Task statement - Please print every line from the one containing "line L0 (-144.9346, 8.7369)" through the last line of the records below, exactly as written and nothing more.

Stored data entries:

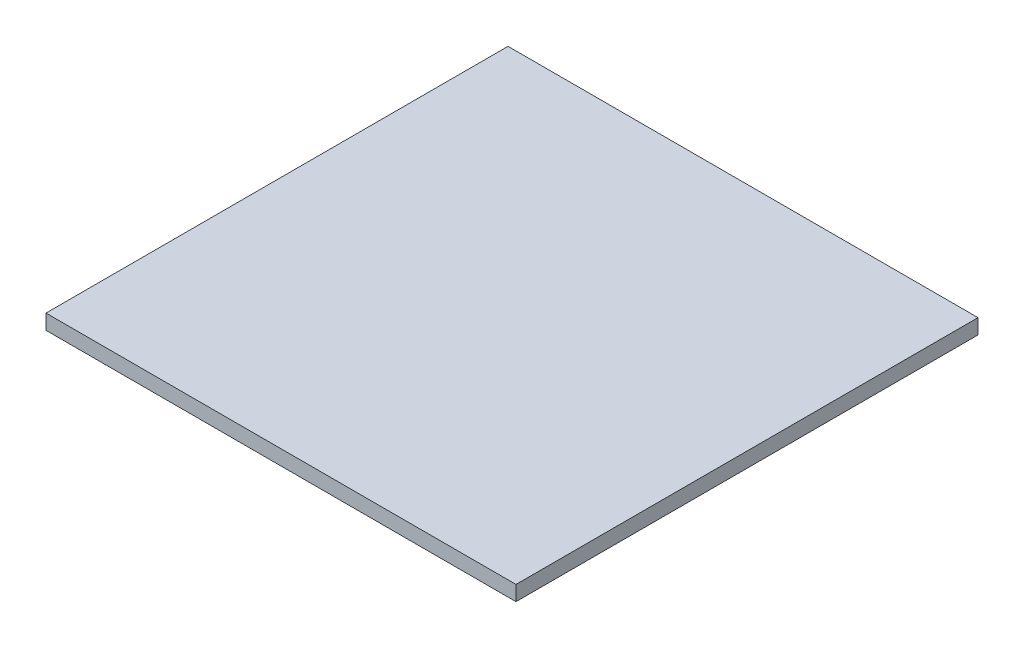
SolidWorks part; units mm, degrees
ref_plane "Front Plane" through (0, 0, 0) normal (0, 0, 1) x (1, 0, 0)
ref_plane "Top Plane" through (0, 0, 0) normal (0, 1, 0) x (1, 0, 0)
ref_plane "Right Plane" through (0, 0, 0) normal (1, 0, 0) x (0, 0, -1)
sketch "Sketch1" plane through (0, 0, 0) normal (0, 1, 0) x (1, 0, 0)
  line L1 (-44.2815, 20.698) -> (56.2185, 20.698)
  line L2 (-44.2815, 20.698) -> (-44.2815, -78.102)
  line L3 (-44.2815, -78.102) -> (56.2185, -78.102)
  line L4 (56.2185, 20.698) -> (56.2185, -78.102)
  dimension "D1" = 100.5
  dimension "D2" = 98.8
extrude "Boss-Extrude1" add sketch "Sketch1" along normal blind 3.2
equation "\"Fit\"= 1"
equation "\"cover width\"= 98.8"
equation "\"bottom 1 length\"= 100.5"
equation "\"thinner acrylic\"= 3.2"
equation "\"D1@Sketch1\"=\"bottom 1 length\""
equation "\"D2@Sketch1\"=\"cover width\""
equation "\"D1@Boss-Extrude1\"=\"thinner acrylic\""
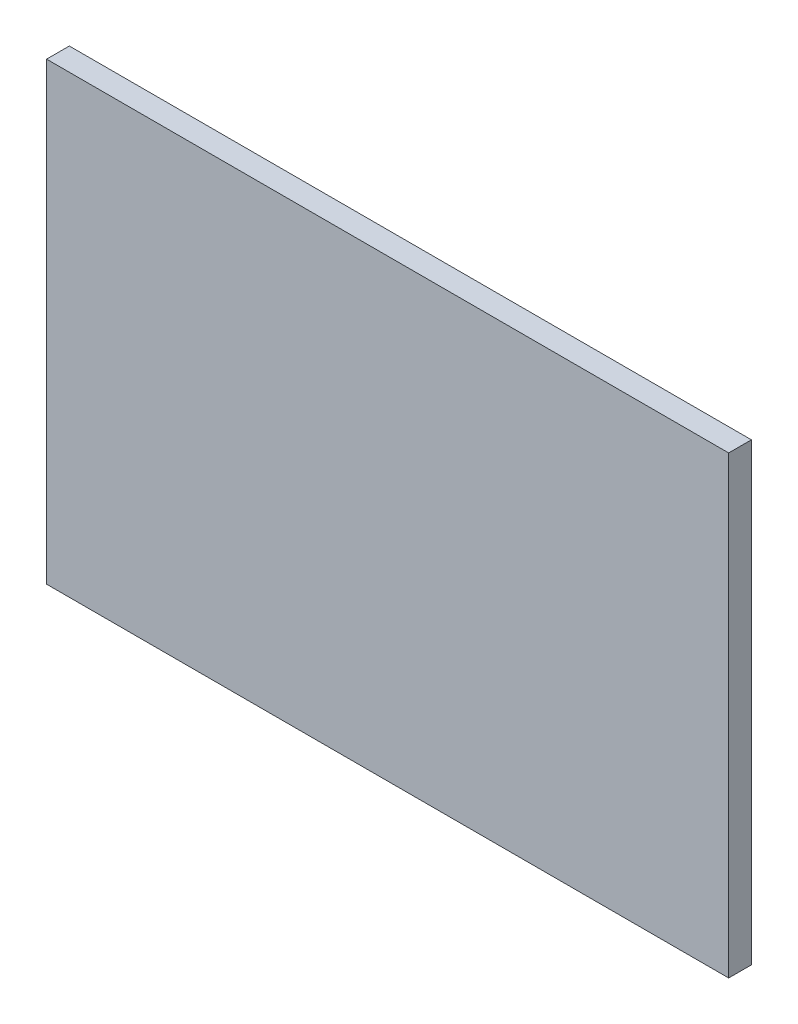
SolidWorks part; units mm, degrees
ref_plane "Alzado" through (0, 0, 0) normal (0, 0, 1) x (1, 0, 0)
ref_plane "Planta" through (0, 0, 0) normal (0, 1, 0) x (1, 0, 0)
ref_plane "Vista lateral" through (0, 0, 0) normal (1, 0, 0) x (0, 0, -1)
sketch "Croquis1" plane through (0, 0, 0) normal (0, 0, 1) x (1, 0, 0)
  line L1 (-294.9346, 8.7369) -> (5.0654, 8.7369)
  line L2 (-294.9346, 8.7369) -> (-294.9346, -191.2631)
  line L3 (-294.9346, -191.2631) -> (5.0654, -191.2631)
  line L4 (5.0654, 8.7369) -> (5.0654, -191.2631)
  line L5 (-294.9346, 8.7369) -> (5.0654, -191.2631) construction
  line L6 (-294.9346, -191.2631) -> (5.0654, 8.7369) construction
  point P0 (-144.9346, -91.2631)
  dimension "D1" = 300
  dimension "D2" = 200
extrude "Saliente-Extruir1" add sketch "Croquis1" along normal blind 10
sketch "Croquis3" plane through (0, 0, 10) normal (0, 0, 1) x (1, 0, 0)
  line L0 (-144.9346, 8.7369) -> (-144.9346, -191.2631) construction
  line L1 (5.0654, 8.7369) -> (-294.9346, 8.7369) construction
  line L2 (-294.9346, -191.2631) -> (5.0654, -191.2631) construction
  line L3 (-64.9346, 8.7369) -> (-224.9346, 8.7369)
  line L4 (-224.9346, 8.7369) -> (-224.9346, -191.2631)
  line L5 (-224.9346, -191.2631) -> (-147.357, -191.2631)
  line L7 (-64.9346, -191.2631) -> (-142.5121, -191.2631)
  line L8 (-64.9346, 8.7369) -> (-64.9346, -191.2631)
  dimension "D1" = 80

Response below -
  line L0 (-144.9346, 8.7369) -> (-144.9346, -191.2631) construction
  line L1 (5.0654, 8.7369) -> (-294.9346, 8.7369) construction
  line L2 (-294.9346, -191.2631) -> (5.0654, -191.2631) construction
  line L3 (-64.9346, 8.7369) -> (-224.9346, 8.7369)
  line L4 (-224.9346, 8.7369) -> (-224.9346, -191.2631)
  line L5 (-224.9346, -191.2631) -> (-147.357, -191.2631)
  line L7 (-64.9346, -191.2631) -> (-142.5121, -191.2631)
  line L8 (-64.9346, 8.7369) -> (-64.9346, -191.2631)
  dimension "D1" = 80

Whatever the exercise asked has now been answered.